[Supplied records — start]
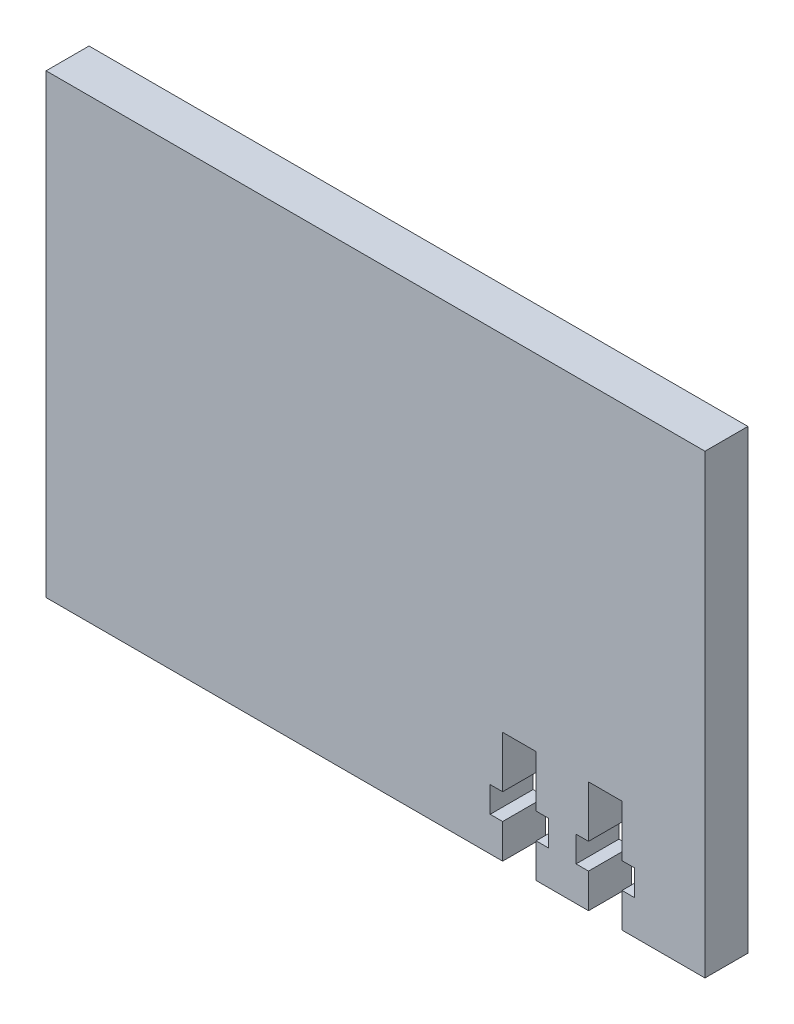
ISO-10303-21;
HEADER;
FILE_DESCRIPTION(('STEP AP214'),'2;1');
FILE_NAME('part.step','',(''),(''),'','','');
FILE_SCHEMA(('AUTOMOTIVE_DESIGN { 1 0 10303 214 1 1 1 1 }'));
ENDSEC;
DATA;
#1=APPLICATION_CONTEXT('core data for automotive mechanical design processes');
#2=APPLICATION_PROTOCOL_DEFINITION('international standard','automotive_design',2000,#1);
#3=PRODUCT_CONTEXT('',#1,'mechanical');
#4=PRODUCT('Part','Part','',(#3));
#5=PRODUCT_RELATED_PRODUCT_CATEGORY('part','',(#4));
#6=PRODUCT_DEFINITION_FORMATION('','',#4);
#7=PRODUCT_DEFINITION_CONTEXT('part definition',#1,'design');
#8=PRODUCT_DEFINITION('design','',#6,#7);
#9=PRODUCT_DEFINITION_SHAPE('','',#8);
#10=(LENGTH_UNIT() NAMED_UNIT(*) SI_UNIT(.MILLI.,.METRE.));
#11=(NAMED_UNIT(*) PLANE_ANGLE_UNIT() SI_UNIT($,.RADIAN.));
#12=(NAMED_UNIT(*) SI_UNIT($,.STERADIAN.) SOLID_ANGLE_UNIT());
#13=UNCERTAINTY_MEASURE_WITH_UNIT(LENGTH_MEASURE(1.E-05),#10,'distance_accuracy_value','');
#14=(GEOMETRIC_REPRESENTATION_CONTEXT(3) GLOBAL_UNCERTAINTY_ASSIGNED_CONTEXT((#13)) GLOBAL_UNIT_ASSIGNED_CONTEXT((#10,
#11,#12)) REPRESENTATION_CONTEXT('',''));
#15=CARTESIAN_POINT('',(0.,0.,0.));
#16=DIRECTION('',(0.,0.,1.));
#17=DIRECTION('',(1.,0.,0.));
#18=AXIS2_PLACEMENT_3D('',#15,#16,#17);
#19=CARTESIAN_POINT('',(-222.995661641974,-55.,-5.));
#20=DIRECTION('',(0.,1.,0.));
#21=DIRECTION('',(-1.,0.,0.));
#22=AXIS2_PLACEMENT_3D('',#19,#20,#21);
#23=PLANE('',#22);
#24=DIRECTION('',(-1.,0.,0.));
#25=VECTOR('',#24,1.);
#26=CARTESIAN_POINT('',(-222.995661641974,-55.,0.));
#27=LINE('',#26,#25);
#28=CARTESIAN_POINT('',(-146.2775,-55.,0.));
#29=VERTEX_POINT('',#28);
#30=CARTESIAN_POINT('',(-155.9375,-55.0000000000002,0.));
#31=VERTEX_POINT('',#30);
#32=EDGE_CURVE('E260',#29,#31,#27,.T.);
#33=ORIENTED_EDGE('',*,*,#32,.T.);
#34=DIRECTION('',(0.,0.,-1.));
#35=VECTOR('',#34,1.);
#36=CARTESIAN_POINT('',(-155.9375,-55.0000000000002,5.));
#37=LINE('',#36,#35);
#38=CARTESIAN_POINT('',(-155.9375,-55.0000000000002,-5.));
#39=VERTEX_POINT('',#38);
#40=EDGE_CURVE('E257',#31,#39,#37,.T.);
#41=ORIENTED_EDGE('',*,*,#40,.T.);
#42=DIRECTION('',(-1.,0.,0.));
#43=VECTOR('',#42,1.);
#44=CARTESIAN_POINT('',(-222.995661641974,-55.,-5.));
#45=LINE('',#44,#43);
#46=CARTESIAN_POINT('',(-146.2775,-55.,-5.));
#47=VERTEX_POINT('',#46);
#48=EDGE_CURVE('E242',#47,#39,#45,.T.);
#49=ORIENTED_EDGE('',*,*,#48,.F.);
#50=DIRECTION('',(0.,0.,1.));
#51=VECTOR('',#50,1.);
#52=CARTESIAN_POINT('',(-146.2775,-55.,-5.));
#53=LINE('',#52,#51);
#54=EDGE_CURVE('E272',#47,#29,#53,.T.);
#55=ORIENTED_EDGE('',*,*,#54,.T.);
#56=EDGE_LOOP('',(#33,#41,#49,#55));
#57=FACE_BOUND('',#56,.T.);
#58=ADVANCED_FACE('F33',(#57),#23,.F.);
#59=CARTESIAN_POINT('',(-159.8375,-55.0000000000002,-5.));
#60=VERTEX_POINT('',#59);
#61=CARTESIAN_POINT('',(-165.9375,-55.,-5.));
#62=VERTEX_POINT('',#61);
#63=EDGE_CURVE('E234',#60,#62,#45,.T.);
#64=ORIENTED_EDGE('',*,*,#63,.F.);
#65=DIRECTION('',(0.,0.,-1.));
#66=VECTOR('',#65,1.);
#67=CARTESIAN_POINT('',(-159.8375,-55.0000000000002,5.));
#68=LINE('',#67,#66);
#69=CARTESIAN_POINT('',(-159.8375,-55.0000000000002,0.));
#70=VERTEX_POINT('',#69);
#71=EDGE_CURVE('E216',#70,#60,#68,.T.);
#72=ORIENTED_EDGE('',*,*,#71,.F.);
#73=CARTESIAN_POINT('',(-165.9375,-55.,0.));
#74=VERTEX_POINT('',#73);
#75=EDGE_CURVE('E264',#70,#74,#27,.T.);
#76=ORIENTED_EDGE('',*,*,#75,.T.);
#77=DIRECTION('',(0.,0.,-1.));
#78=VECTOR('',#77,1.);
#79=CARTESIAN_POINT('',(-165.9375,-55.,5.));
#80=LINE('',#79,#78);
#81=EDGE_CURVE('E238',#74,#62,#80,.T.);
#82=ORIENTED_EDGE('',*,*,#81,.T.);
#83=EDGE_LOOP('',(#64,#72,#76,#82));
#84=FACE_BOUND('',#83,.T.);
#85=ADVANCED_FACE('F241',(#84),#23,.F.);
#86=CARTESIAN_POINT('',(-222.995661641974,-1.87999999999998,-5.));
#87=DIRECTION('',(0.,-1.,0.));
#88=DIRECTION('',(1.,0.,0.));
#89=AXIS2_PLACEMENT_3D('',#86,#87,#88);
#90=PLANE('',#89);
#91=DIRECTION('',(1.,0.,0.));
#92=VECTOR('',#91,1.);
#93=CARTESIAN_POINT('',(-222.995661641974,-1.87999999999998,0.));
#94=LINE('',#93,#92);
#95=CARTESIAN_POINT('',(-222.995661641974,-1.87999999999998,0.));
#96=VERTEX_POINT('',#95);
#97=CARTESIAN_POINT('',(-146.2775,-1.87999999999999,0.));
#98=VERTEX_POINT('',#97);
#99=EDGE_CURVE('E253',#96,#98,#94,.T.);
#100=ORIENTED_EDGE('',*,*,#99,.T.);
#101=DIRECTION('',(0.,0.,1.));
#102=VECTOR('',#101,1.);
#103=CARTESIAN_POINT('',(-146.2775,-1.87999999999999,-5.));
#104=LINE('',#103,#102);
#105=CARTESIAN_POINT('',(-146.2775,-1.87999999999999,-5.));
#106=VERTEX_POINT('',#105);
#107=EDGE_CURVE('E275',#106,#98,#104,.T.);
#108=ORIENTED_EDGE('',*,*,#107,.F.);
#109=DIRECTION('',(1.,0.,0.));
#110=VECTOR('',#109,1.);
#111=CARTESIAN_POINT('',(-222.995661641974,-1.87999999999998,-5.));
#112=LINE('',#111,#110);
#113=CARTESIAN_POINT('',(-222.995661641974,-1.87999999999998,-5.));
#114=VERTEX_POINT('',#113);
#115=EDGE_CURVE('E266',#114,#106,#112,.T.);
#116=ORIENTED_EDGE('',*,*,#115,.F.);
#117=DIRECTION('',(0.,0.,1.));
#118=VECTOR('',#117,1.);
#119=CARTESIAN_POINT('',(-222.995661641974,-1.87999999999998,-5.));
#120=LINE('',#119,#118);
#121=EDGE_CURVE('E252',#114,#96,#120,.T.);
#122=ORIENTED_EDGE('',*,*,#121,.T.);
#123=EDGE_LOOP('',(#100,#108,#116,#122));
#124=FACE_BOUND('',#123,.T.);
#125=ADVANCED_FACE('F35',(#124),#90,.F.);
#126=CARTESIAN_POINT('',(-146.2775,-1.87999999999999,-5.));
#127=DIRECTION('',(-1.,0.,0.));
#128=DIRECTION('',(0.,0.,1.));
#129=AXIS2_PLACEMENT_3D('',#126,#127,#128);
#130=PLANE('',#129);
#131=DIRECTION('',(0.,-1.,0.));
#132=VECTOR('',#131,1.);
#133=CARTESIAN_POINT('',(-146.2775,-1.87999999999999,0.));
#134=LINE('',#133,#132);
#135=EDGE_CURVE('E256',#98,#29,#134,.T.);
#136=ORIENTED_EDGE('',*,*,#135,.T.);
#137=ORIENTED_EDGE('',*,*,#54,.F.);
#138=DIRECTION('',(0.,-1.,0.));
#139=VECTOR('',#138,1.);
#140=CARTESIAN_POINT('',(-146.2775,-1.87999999999999,-5.));
#141=LINE('',#140,#139);
#142=EDGE_CURVE('E247',#106,#47,#141,.T.);
#143=ORIENTED_EDGE('',*,*,#142,.F.);
#144=ORIENTED_EDGE('',*,*,#107,.T.);
#145=EDGE_LOOP('',(#136,#137,#143,#144));
#146=FACE_BOUND('',#145,.T.);
#147=ADVANCED_FACE('F430',(#146),#130,.F.);
#148=CARTESIAN_POINT('',(-169.8375,-55.,-5.));
#149=VERTEX_POINT('',#148);
#150=CARTESIAN_POINT('',(-222.995661641974,-55.,-5.));
#151=VERTEX_POINT('',#150);
#152=EDGE_CURVE('E243',#149,#151,#45,.T.);
#153=ORIENTED_EDGE('',*,*,#152,.F.);
#154=DIRECTION('',(0.,0.,-1.));
#155=VECTOR('',#154,1.);
#156=CARTESIAN_POINT('',(-169.8375,-55.,5.));
#157=LINE('',#156,#155);
#158=CARTESIAN_POINT('',(-169.8375,-55.,0.));
#159=VERTEX_POINT('',#158);
#160=EDGE_CURVE('E403',#159,#149,#157,.T.);
#161=ORIENTED_EDGE('',*,*,#160,.F.);
#162=CARTESIAN_POINT('',(-222.995661641974,-55.,0.));
#163=VERTEX_POINT('',#162);
#164=EDGE_CURVE('E259',#159,#163,#27,.T.);
#165=ORIENTED_EDGE('',*,*,#164,.T.);
#166=DIRECTION('',(0.,0.,1.));
#167=VECTOR('',#166,1.);
#168=CARTESIAN_POINT('',(-222.995661641974,-55.,-5.));
#169=LINE('',#168,#167);
#170=EDGE_CURVE('E269',#151,#163,#169,.T.);
#171=ORIENTED_EDGE('',*,*,#170,.F.);
#172=EDGE_LOOP('',(#153,#161,#165,#171));
#173=FACE_BOUND('',#172,.T.);
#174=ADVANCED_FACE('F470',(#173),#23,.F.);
[Supplied records — finish]
■ **Task details**:
Above are the entries. Copy exactly the part that opens with the line containing "#72=ORIENTED_EDGE('',*,*,#71,.F.);" and closes with the line containing "#85=ADVANCED_FACE('F241',(#84),#23,.F.);", and no more.

■ **Answer for the task**:
#72=ORIENTED_EDGE('',*,*,#71,.F.);
#73=CARTESIAN_POINT('',(-165.9375,-55.,0.));
#74=VERTEX_POINT('',#73);
#75=EDGE_CURVE('E264',#70,#74,#27,.T.);
#76=ORIENTED_EDGE('',*,*,#75,.T.);
#77=DIRECTION('',(0.,0.,-1.));
#78=VECTOR('',#77,1.);
#79=CARTESIAN_POINT('',(-165.9375,-55.,5.));
#80=LINE('',#79,#78);
#81=EDGE_CURVE('E238',#74,#62,#80,.T.);
#82=ORIENTED_EDGE('',*,*,#81,.T.);
#83=EDGE_LOOP('',(#64,#72,#76,#82));
#84=FACE_BOUND('',#83,.T.);
#85=ADVANCED_FACE('F241',(#84),#23,.F.);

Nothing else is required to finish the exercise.